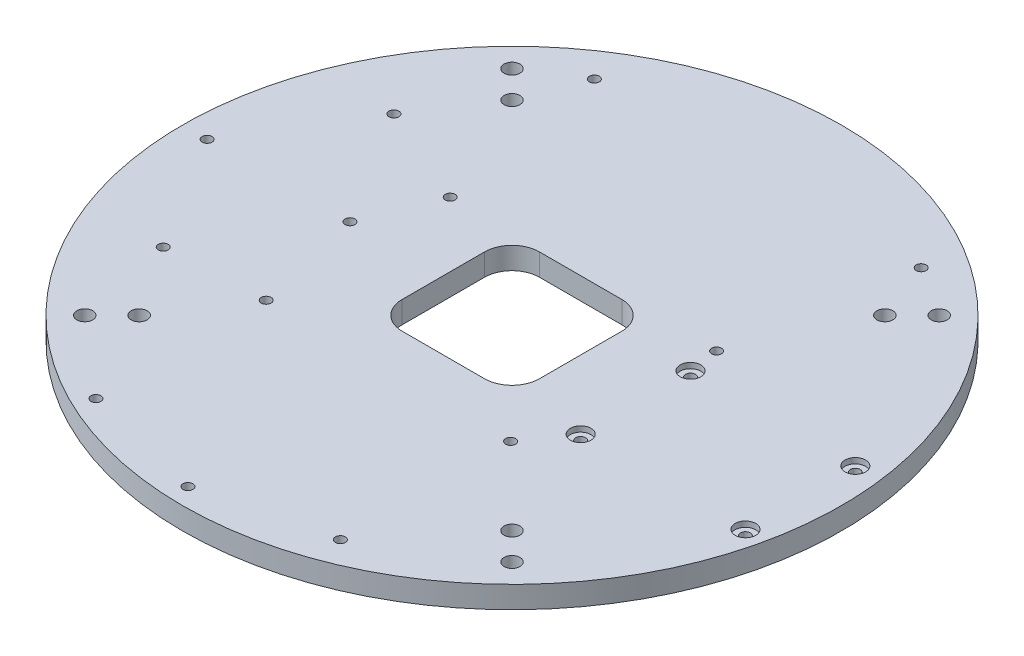
from build123d import *

# Parameters (mm, degrees)
SKETCH1_R               = 120
BOSS_EXTRUDE1_DEPTH     = 5
CUT_EXTRUDE1_REACH      = 171.779
CUT_EXTRUDE2_REACH      = 171.779
SKETCH4_R               = 1.8
SKETCH6_R               = 3.75
CUT_EXTRUDE4_DEPTH      = 2
BOSS_EXTRUDE2_OUTLINE_R = 120
BOSS_EXTRUDE2_DEPTH     = 3
CUT_EXTRUDE3_REACH      = 171.894
SKETCH5_R               = 2.9
CIRPATTERN1_COUNT       = 4


# Read off the part's stored shape, not the designer's step: Boss-Extrude2
with BuildPart() as part:
    # Sketch1 → Boss-Extrude1 (new body)
    with BuildSketch(Plane(origin=(0, 0, 0), x_dir=(1, 0, 0), z_dir=(0, 1, 0))):
        with Locations(Location((0, 0, 0), (0, 0, 270))):
            Circle(SKETCH1_R)
    extrude(amount=BOSS_EXTRUDE1_DEPTH)

    # Sketch3 → Cut-Extrude1 (cut, up to next)
    with BuildSketch(Plane(origin=(0, 5, 0), x_dir=(1, 0, 0), z_dir=(0, 1, 0)), mode=Mode.PRIVATE) as cut_extrude1_sk1:
        with BuildLine():
            Line((-15, -25), (15, -25))
            ThreePointArc((15, -25), (22.071067812, -22.071067812), (25, -15))
            Line((25, -15), (25, 15))
            ThreePointArc((25, 15), (22.071067812, 22.071067812), (15, 25))
            Line((15, 25), (-15, 25))
            ThreePointArc((-15, 25), (-22.071067812, 22.071067812), (-25, 15))
            Line((-25, 15), (-25, -15))
            ThreePointArc((-25, -15), (-22.071067812, -22.071067812), (-15, -25))
        make_face()
    cut_extrude1_tool1 = extrude(cut_extrude1_sk1.sketch, amount=-CUT_EXTRUDE1_REACH, mode=Mode.PRIVATE) & part.part
    add(cut_extrude1_tool1.solids().sort_by_distance((0, 5, 0))[0], mode=Mode.SUBTRACT)

    # Sketch4 → Cut-Extrude2 (cut, up to next)
    with BuildSketch(Plane(origin=(0, 5, 0), x_dir=(1, 0, 0), z_dir=(0, 1, 0)), mode=Mode.PRIVATE) as cut_extrude2_sk1:
        with Locations(Location((48.5, 26, 0), (0, 0, 270))):
            Circle(SKETCH4_R)
    cut_extrude2_tool1 = extrude(cut_extrude2_sk1.sketch, amount=-CUT_EXTRUDE2_REACH, mode=Mode.PRIVATE) & part.part
    # Sketch4 → Cut-Extrude2 (cut, up to next)
    with BuildSketch(Plane(origin=(0, 5, 0), x_dir=(1, 0, 0), z_dir=(0, 1, 0)), mode=Mode.PRIVATE) as cut_extrude2_sk2:
        with Locations(Location((59.5, 89.5, 0), (0, 0, 270))):
            Circle(SKETCH4_R)
    cut_extrude2_tool2 = extrude(cut_extrude2_sk2.sketch, amount=-CUT_EXTRUDE2_REACH, mode=Mode.PRIVATE) & part.part
    # Sketch4 → Cut-Extrude2 (cut, up to next)
    with BuildSketch(Plane(origin=(0, 5, 0), x_dir=(1, 0, 0), z_dir=(0, 1, 0)), mode=Mode.PRIVATE) as cut_extrude2_sk3:
        with Locations(Location((-48.5, 26, 0), (0, 0, 270))):
            Circle(SKETCH4_R)
    cut_extrude2_tool3 = extrude(cut_extrude2_sk3.sketch, amount=-CUT_EXTRUDE2_REACH, mode=Mode.PRIVATE) & part.part
    # Sketch4 → Cut-Extrude2 (cut, up to next)
    with BuildSketch(Plane(origin=(0, 5, 0), x_dir=(1, 0, 0), z_dir=(0, 1, 0)), mode=Mode.PRIVATE) as cut_extrude2_sk4:
        with Locations(Location((-59.5, 89.5, 0), (0, 0, 270))):
            Circle(SKETCH4_R)
    cut_extrude2_tool4 = extrude(cut_extrude2_sk4.sketch, amount=-CUT_EXTRUDE2_REACH, mode=Mode.PRIVATE) & part.part
    # Sketch4 → Cut-Extrude2 (cut, up to next)
    with BuildSketch(Plane(origin=(0, 5, 0), x_dir=(1, 0, 0), z_dir=(0, 1, 0)), mode=Mode.PRIVATE) as cut_extrude2_sk5:
        with Locations(Location((-85, 42, 0), (0, 0, 270))):
            Circle(SKETCH4_R)
    cut_extrude2_tool5 = extrude(cut_extrude2_sk5.sketch, amount=-CUT_EXTRUDE2_REACH, mode=Mode.PRIVATE) & part.part
    # Sketch4 → Cut-Extrude2 (cut, up to next)
    with BuildSketch(Plane(origin=(0, 5, 0), x_dir=(1, 0, 0), z_dir=(0, 1, 0)), mode=Mode.PRIVATE) as cut_extrude2_sk6:
        with Locations(Location((-59, 0, 0), (0, 0, 270))):
            Circle(SKETCH4_R)
    cut_extrude2_tool6 = extrude(cut_extrude2_sk6.sketch, amount=-CUT_EXTRUDE2_REACH, mode=Mode.PRIVATE) & part.part
    # Sketch4 → Cut-Extrude2 (cut, up to next)
    with BuildSketch(Plane(origin=(0, 5, 0), x_dir=(1, 0, 0), z_dir=(0, 1, 0)), mode=Mode.PRIVATE) as cut_extrude2_sk7:
        with Locations(Location((-111, 0, 0), (0, 0, 270))):
            Circle(SKETCH4_R)
    cut_extrude2_tool7 = extrude(cut_extrude2_sk7.sketch, amount=-CUT_EXTRUDE2_REACH, mode=Mode.PRIVATE) & part.part
    # Sketch4 → Cut-Extrude2 (cut, up to next)
    with BuildSketch(Plane(origin=(0, 5, 0), x_dir=(1, 0, 0), z_dir=(0, 1, 0)), mode=Mode.PRIVATE) as cut_extrude2_sk8:
        with Locations(Location((-85, -42, 0), (0, 0, 270))):
            Circle(SKETCH4_R)
    cut_extrude2_tool8 = extrude(cut_extrude2_sk8.sketch, amount=-CUT_EXTRUDE2_REACH, mode=Mode.PRIVATE) & part.part
    # Sketch4 → Cut-Extrude2 (cut, up to next)
    with BuildSketch(Plane(origin=(0, 5, 0), x_dir=(1, 0, 0), z_dir=(0, 1, 0)), mode=Mode.PRIVATE) as cut_extrude2_sk9:
        with Locations(Location((-49.5, -40, 0), (0, 0, 270))):
            Circle(SKETCH4_R)
    cut_extrude2_tool9 = extrude(cut_extrude2_sk9.sketch, amount=-CUT_EXTRUDE2_REACH, mode=Mode.PRIVATE) & part.part
    # Sketch4 → Cut-Extrude2 (cut, up to next)
    with BuildSketch(Plane(origin=(0, 5, 0), x_dir=(1, 0, 0), z_dir=(0, 1, 0)), mode=Mode.PRIVATE) as cut_extrude2_sk10:
        with Locations(Location((-49.5, -102, 0), (0, 0, 270))):
            Circle(SKETCH4_R)
    cut_extrude2_tool10 = extrude(cut_extrude2_sk10.sketch, amount=-CUT_EXTRUDE2_REACH, mode=Mode.PRIVATE) & part.part
    # Sketch4 → Cut-Extrude2 (cut, up to next)
    with BuildSketch(Plane(origin=(0, 5, 0), x_dir=(1, 0, 0), z_dir=(0, 1, 0)), mode=Mode.PRIVATE) as cut_extrude2_sk11:
        with Locations(Location((-5, -113, 0), (0, 0, 270))):
            Circle(SKETCH4_R)
    cut_extrude2_tool11 = extrude(cut_extrude2_sk11.sketch, amount=-CUT_EXTRUDE2_REACH, mode=Mode.PRIVATE) & part.part
    # Sketch4 → Cut-Extrude2 (cut, up to next)
    with BuildSketch(Plane(origin=(0, 5, 0), x_dir=(1, 0, 0), z_dir=(0, 1, 0)), mode=Mode.PRIVATE) as cut_extrude2_sk12:
        with Locations(Location((39.5, -102, 0), (0, 0, 270))):
            Circle(SKETCH4_R)
    cut_extrude2_tool12 = extrude(cut_extrude2_sk12.sketch, amount=-CUT_EXTRUDE2_REACH, mode=Mode.PRIVATE) & part.part
    # Sketch4 → Cut-Extrude2 (cut, up to next)
    with BuildSketch(Plane(origin=(0, 5, 0), x_dir=(1, 0, 0), z_dir=(0, 1, 0)), mode=Mode.PRIVATE) as cut_extrude2_sk13:
        with Locations(Location((39.5, -40, 0), (0, 0, 270))):
            Circle(SKETCH4_R)
    cut_extrude2_tool13 = extrude(cut_extrude2_sk13.sketch, amount=-CUT_EXTRUDE2_REACH, mode=Mode.PRIVATE) & part.part
    # Sketch4 → Cut-Extrude2 (cut, up to next)
    with BuildSketch(Plane(origin=(0, 5, 0), x_dir=(1, 0, 0), z_dir=(0, 1, 0)), mode=Mode.PRIVATE) as cut_extrude2_sk14:
        with Locations(Location((50, -25, 0), (0, 0, 270))):
            Circle(SKETCH4_R)
    cut_extrude2_tool14 = extrude(cut_extrude2_sk14.sketch, amount=-CUT_EXTRUDE2_REACH, mode=Mode.PRIVATE) & part.part
    # Sketch4 → Cut-Extrude2 (cut, up to next)
    with BuildSketch(Plane(origin=(0, 5, 0), x_dir=(1, 0, 0), z_dir=(0, 1, 0)), mode=Mode.PRIVATE) as cut_extrude2_sk15:
        with Locations(Location((110, -25, 0), (0, 0, 270))):
            Circle(SKETCH4_R)
    cut_extrude2_tool15 = extrude(cut_extrude2_sk15.sketch, amount=-CUT_EXTRUDE2_REACH, mode=Mode.PRIVATE) & part.part
    # Sketch4 → Cut-Extrude2 (cut, up to next)
    with BuildSketch(Plane(origin=(0, 5, 0), x_dir=(1, 0, 0), z_dir=(0, 1, 0)), mode=Mode.PRIVATE) as cut_extrude2_sk16:
        with Locations(Location((110, 15, 0), (0, 0, 270))):
            Circle(SKETCH4_R)
    cut_extrude2_tool16 = extrude(cut_extrude2_sk16.sketch, amount=-CUT_EXTRUDE2_REACH, mode=Mode.PRIVATE) & part.part
    # Sketch4 → Cut-Extrude2 (cut, up to next)
    with BuildSketch(Plane(origin=(0, 5, 0), x_dir=(1, 0, 0), z_dir=(0, 1, 0)), mode=Mode.PRIVATE) as cut_extrude2_sk17:
        with Locations(Location((50, 15, 0), (0, 0, 270))):
            Circle(SKETCH4_R)
    cut_extrude2_tool17 = extrude(cut_extrude2_sk17.sketch, amount=-CUT_EXTRUDE2_REACH, mode=Mode.PRIVATE) & part.part
    add(cut_extrude2_tool1.solids().sort_by_distance((48.5, 5, -26))[0], mode=Mode.SUBTRACT)
    add(cut_extrude2_tool2.solids().sort_by_distance((59.5, 5, -89.5))[0], mode=Mode.SUBTRACT)
    add(cut_extrude2_tool3.solids().sort_by_distance((-48.5, 5, -26))[0], mode=Mode.SUBTRACT)
    add(cut_extrude2_tool4.solids().sort_by_distance((-59.5, 5, -89.5))[0], mode=Mode.SUBTRACT)
    add(cut_extrude2_tool5.solids().sort_by_distance((-85, 5, -42))[0], mode=Mode.SUBTRACT)
    add(cut_extrude2_tool6.solids().sort_by_distance((-59, 5, 0))[0], mode=Mode.SUBTRACT)
    add(cut_extrude2_tool7.solids().sort_by_distance((-111, 5, 0))[0], mode=Mode.SUBTRACT)
    add(cut_extrude2_tool8.solids().sort_by_distance((-85, 5, 42))[0], mode=Mode.SUBTRACT)
    add(cut_extrude2_tool9.solids().sort_by_distance((-49.5, 5, 40))[0], mode=Mode.SUBTRACT)
    add(cut_extrude2_tool10.solids().sort_by_distance((-49.5, 5, 102))[0], mode=Mode.SUBTRACT)
    add(cut_extrude2_tool11.solids().sort_by_distance((-5, 5, 113))[0], mode=Mode.SUBTRACT)
    add(cut_extrude2_tool12.solids().sort_by_distance((39.5, 5, 102))[0], mode=Mode.SUBTRACT)
    add(cut_extrude2_tool13.solids().sort_by_distance((39.5, 5, 40))[0], mode=Mode.SUBTRACT)
    add(cut_extrude2_tool14.solids().sort_by_distance((50, 5, 25))[0], mode=Mode.SUBTRACT)
    add(cut_extrude2_tool15.solids().sort_by_distance((110, 5, 25))[0], mode=Mode.SUBTRACT)
    add(cut_extrude2_tool16.solids().sort_by_distance((110, 5, -15))[0], mode=Mode.SUBTRACT)
    add(cut_extrude2_tool17.solids().sort_by_distance((50, 5, -15))[0], mode=Mode.SUBTRACT)

    # Sketch6 → Cut-Extrude4 (cut)
    with BuildSketch(Plane(origin=(0, 5, 0), x_dir=(1, 0, 0), z_dir=(0, 1, 0))):
        with Locations(Location((50, 15, 0), (0, 0, 270))):
            Circle(SKETCH6_R)
        with Locations(Location((50, -25, 0), (0, 0, 270))):
            Circle(SKETCH6_R)
        with Locations(Location((110, -25, 0), (0, 0, 270))):
            Circle(SKETCH6_R)
        with Locations(Location((110, 15, 0), (0, 0, 270))):
            Circle(SKETCH6_R)
    extrude(amount=-CUT_EXTRUDE4_DEPTH, mode=Mode.SUBTRACT)

    # Boss-Extrude2 outline → Boss-Extrude2 (add)
    with BuildSketch(Plane.XZ):
        Circle(BOSS_EXTRUDE2_OUTLINE_R)
        with BuildLine():
            ThreePointArc((-42.169820442, -66.211451003), (-24.352147116, -74.627226472), (-5, -78.3406025))
            Line((-5, -78.3406025), (-5, -117.894020205))
            ThreePointArc((-5, -117.894020205), (-39.530133289, -111.181691668), (-70.547338387, -94.588968947))
            Line((-70.547338387, -94.588968947), (-42.169820442, -66.211451003))
        make_face(mode=Mode.SUBTRACT)
        with BuildLine():
            ThreePointArc((-74.803942321, -23.803785691), (-71.103186263, -33.265400994), (-66.211451003, -42.169820442))
            Line((-66.211451003, -42.169820442), (-94.588968947, -70.547338387))
            ThreePointArc((-94.588968947, -70.547338387), (-105.535448809, -52.785121432), (-113.18245448, -33.372623479))
            Line((-113.18245448, -33.372623479), (-74.803942321, -23.803785691))
        make_face(mode=Mode.SUBTRACT)
        with BuildLine():
            Line((-32.228597844, -25.157530032), (-54.67871527, -47.607647458))
            ThreePointArc((-54.67871527, -47.607647458), (-63.100787956, -35.700708108), (-68.969338915, -22.349055676))
            Line((-68.969338915, -22.349055676), (-35, -13.879548246))
            Line((-35, -13.879548246), (-35, -15))
            ThreePointArc((-35, -15), (-34.294713743, -20.264410847), (-32.228597844, -25.157530032))
        make_face(mode=Mode.SUBTRACT)
        with BuildLine():
            Line((-5, -35), (-5, -72.327380707))
            ThreePointArc((-5, -72.327380707), (-27.744548846, -66.981266107), (-47.607647458, -54.67871527))
            Line((-47.607647458, -54.67871527), (-25.157530032, -32.228597844))
            ThreePointArc((-25.157530032, -32.228597844), (-20.264410847, -34.294713743), (-15, -35))
            Line((-15, -35), (-5, -35))
        make_face(mode=Mode.SUBTRACT)
        with BuildLine():
            ThreePointArc((5, -78.3406025), (24.352147116, -74.627226472), (42.169820442, -66.211451003))
            Line((42.169820442, -66.211451003), (70.547338387, -94.588968947))
            ThreePointArc((70.547338387, -94.588968947), (39.530133289, -111.181691668), (5, -117.894020205))
            Line((5, -117.894020205), (5, -78.3406025))
        make_face(mode=Mode.SUBTRACT)
        with BuildLine():
            ThreePointArc((15, -35), (20.264410847, -34.294713743), (25.157530032, -32.228597844))
            Line((25.157530032, -32.228597844), (47.607647458, -54.67871527))
            ThreePointArc((47.607647458, -54.67871527), (27.744548846, -66.981266107), (5, -72.327380707))
            Line((5, -72.327380707), (5, -35))
            Line((5, -35), (15, -35))
        make_face(mode=Mode.SUBTRACT)
        with BuildLine():
            ThreePointArc((32.228597844, -25.157530032), (34.294713743, -20.264410847), (35, -15))
            Line((35, -15), (35, -5))
            Line((35, -5), (72.327380707, -5))
            ThreePointArc((72.327380707, -5), (66.981266107, -27.744548846), (54.67871527, -47.607647458))
            Line((54.67871527, -47.607647458), (32.228597844, -25.157530032))
        make_face(mode=Mode.SUBTRACT)
        with BuildLine():
            ThreePointArc((66.211451003, -42.169820442), (74.627226472, -24.352147116), (78.3406025, -5))
            Line((78.3406025, -5), (117.894020205, -5))
            ThreePointArc((117.894020205, -5), (111.181691668, -39.530133289), (94.588968947, -70.547338387))
            Line((94.588968947, -70.547338387), (66.211451003, -42.169820442))
        make_face(mode=Mode.SUBTRACT)
        with BuildLine():
            ThreePointArc((-77.223161277, 14.100828428), (-78.5, 0), (-77.223161277, -14.100828428))
            Line((-77.223161277, -14.100828428), (-115.601673436, -23.669666216))
            ThreePointArc((-115.601673436, -23.669666216), (-118, 0), (-115.601673436, 23.669666216))
            Line((-115.601673436, 23.669666216), (-77.223161277, 14.100828428))
        make_face(mode=Mode.SUBTRACT)
        with BuildLine():
            ThreePointArc((-66.211451003, 42.169820442), (-71.103186263, 33.265400994), (-74.803942321, 23.803785691))
            Line((-74.803942321, 23.803785691), (-113.18245448, 33.372623479))
            ThreePointArc((-113.18245448, 33.372623479), (-105.535448809, 52.785121432), (-94.588968947, 70.547338387))
            Line((-94.588968947, 70.547338387), (-66.211451003, 42.169820442))
        make_face(mode=Mode.SUBTRACT)
        with BuildLine():
            Line((-35, -3.573411953), (-71.388557871, -12.646098413))
            ThreePointArc((-71.388557871, -12.646098413), (-72.5, 0), (-71.388557871, 12.646098413))
            Line((-71.388557871, 12.646098413), (-35, 3.573411953))
            Line((-35, 3.573411953), (-35, -3.573411953))
        make_face(mode=Mode.SUBTRACT)
        with BuildLine():
            Line((-35, 13.879548246), (-68.969338915, 22.349055676))
            ThreePointArc((-68.969338915, 22.349055676), (-51.710657564, 50.815921662), (-23.549332741, 68.568789748))
            Line((-23.549332741, 68.568789748), (-14.554602637, 35))
            Line((-14.554602637, 35), (-15, 35))
            ThreePointArc((-15, 35), (-29.142135624, 29.142135624), (-35, 15))
            Line((-35, 15), (-35, 13.879548246))
        make_face(mode=Mode.SUBTRACT)
        with BuildLine():
            ThreePointArc((-25.105669063, 74.377115976), (-33.884618829, 70.810187169), (-42.169820442, 66.211451003))
            Line((-42.169820442, 66.211451003), (-70.547338387, 94.588968947))
            ThreePointArc((-70.547338387, 94.588968947), (-53.704070377, 105.070799107), (-35.342846864, 112.582783655))
            Line((-35.342846864, 112.582783655), (-25.105669063, 74.377115976))
        make_face(mode=Mode.SUBTRACT)
        with BuildLine():
            Line((-25, -15), (-25, 15))
            ThreePointArc((-25, 15), (-22.071067812, 22.071067812), (-15, 25))
            Line((-15, 25), (15, 25))
            ThreePointArc((15, 25), (22.071067812, 22.071067812), (25, 15))
            Line((25, 15), (25, -15))
            ThreePointArc((25, -15), (22.071067812, -22.071067812), (15, -25))
            Line((15, -25), (-15, -25))
            ThreePointArc((-15, -25), (-22.071067812, -22.071067812), (-25, -15))
        make_face(mode=Mode.SUBTRACT)
        with BuildLine():
            Line((-4.201840833, 35), (-13.890074478, 71.156980199))
            ThreePointArc((-13.890074478, 71.156980199), (0, 72.5), (13.890074478, 71.156980199))
            Line((13.890074478, 71.156980199), (4.201840833, 35))
            Line((4.201840833, 35), (-4.201840833, 35))
        make_face(mode=Mode.SUBTRACT)
        with BuildLine():
            Line((72.327380707, 5), (35, 5))
            Line((35, 5), (35, 15))
            ThreePointArc((35, 15), (29.142135624, 29.142135624), (15, 35))
            Line((15, 35), (14.554602637, 35))
            Line((14.554602637, 35), (23.549332741, 68.568789748))
            ThreePointArc((23.549332741, 68.568789748), (57.518117171, 44.135203603), (72.327380707, 5))
        make_face(mode=Mode.SUBTRACT)
        with BuildLine():
            ThreePointArc((78.3406025, 5), (74.627226472, 24.352147116), (66.211451003, 42.169820442))
            Line((66.211451003, 42.169820442), (94.588968947, 70.547338387))
            ThreePointArc((94.588968947, 70.547338387), (111.181691668, 39.530133289), (117.894020205, 5))
            Line((117.894020205, 5), (78.3406025, 5))
        make_face(mode=Mode.SUBTRACT)
        with BuildLine():
            ThreePointArc((42.169820442, 66.211451003), (33.884618829, 70.810187169), (25.105669063, 74.377115976))
            Line((25.105669063, 74.377115976), (35.342846864, 112.582783655))
            ThreePointArc((35.342846864, 112.582783655), (53.704070377, 105.070799107), (70.547338387, 94.588968947))
            Line((70.547338387, 94.588968947), (42.169820442, 66.211451003))
        make_face(mode=Mode.SUBTRACT)
        with BuildLine():
            ThreePointArc((15.4464108, 76.965306427), (0, 78.5), (-15.4464108, 76.965306427))
            Line((-15.4464108, 76.965306427), (-25.683588601, 115.170974106))
            ThreePointArc((-25.683588601, 115.170974106), (0, 118), (25.683588601, 115.170974106))
            Line((25.683588601, 115.170974106), (15.4464108, 76.965306427))
        make_face(mode=Mode.SUBTRACT)
    extrude(amount=BOSS_EXTRUDE2_DEPTH)

    # Sketch5 → Cut-Extrude3 (cut, up to next)
    with BuildSketch(Plane(origin=(0, 5, 0), x_dir=(1, 0, 0), z_dir=(0, 1, 0)), mode=Mode.PRIVATE) as cut_extrude3_sk1:
        with Locations(Location((-77.781745931, -77.781745931, 0), (0, 0, 270))):
            Circle(SKETCH5_R)
    cut_extrude3_tool1 = extrude(cut_extrude3_sk1.sketch, amount=-CUT_EXTRUDE3_REACH, mode=Mode.PRIVATE) & part.part
    # Sketch5 → Cut-Extrude3 (cut, up to next)
    with BuildSketch(Plane(origin=(0, 5, 0), x_dir=(1, 0, 0), z_dir=(0, 1, 0)), mode=Mode.PRIVATE) as cut_extrude3_sk2:
        with Locations(Location((-67.882250994, -67.882250994, 0), (0, 0, 90))):
            Circle(SKETCH5_R)
    cut_extrude3_tool2 = extrude(cut_extrude3_sk2.sketch, amount=-CUT_EXTRUDE3_REACH, mode=Mode.PRIVATE) & part.part
    cut_extrude3_1 = cut_extrude3_tool1.solids().sort_by_distance((-77.781746, 5, 77.781746))[0]
    add(cut_extrude3_1, mode=Mode.SUBTRACT)
    cut_extrude3_2 = cut_extrude3_tool2.solids().sort_by_distance((-67.882251, 5, 67.882251))[0]
    add(cut_extrude3_2, mode=Mode.SUBTRACT)
    cut_extrude3 = cut_extrude3_1 + cut_extrude3_2  # Cut-Extrude3 as one shape, for the pattern or mirror that repeats it

    # CirPattern1: Cut-Extrude3 ×4 about axis
    cirpattern1_axis = Axis((0, 0, 0), (0, 1, 0))
    for i in range(1, CIRPATTERN1_COUNT):
        add(cut_extrude3.rotate(cirpattern1_axis, i * 360 / CIRPATTERN1_COUNT), mode=Mode.SUBTRACT)


solid = part.part

........

Go over the listing above and return each line with "shape".

## Answer box
# Read off the part's stored shape, not the designer's step: Boss-Extrude2
    cut_extrude3 = cut_extrude3_1 + cut_extrude3_2  # Cut-Extrude3 as one shape, for the pattern or mirror that repeats it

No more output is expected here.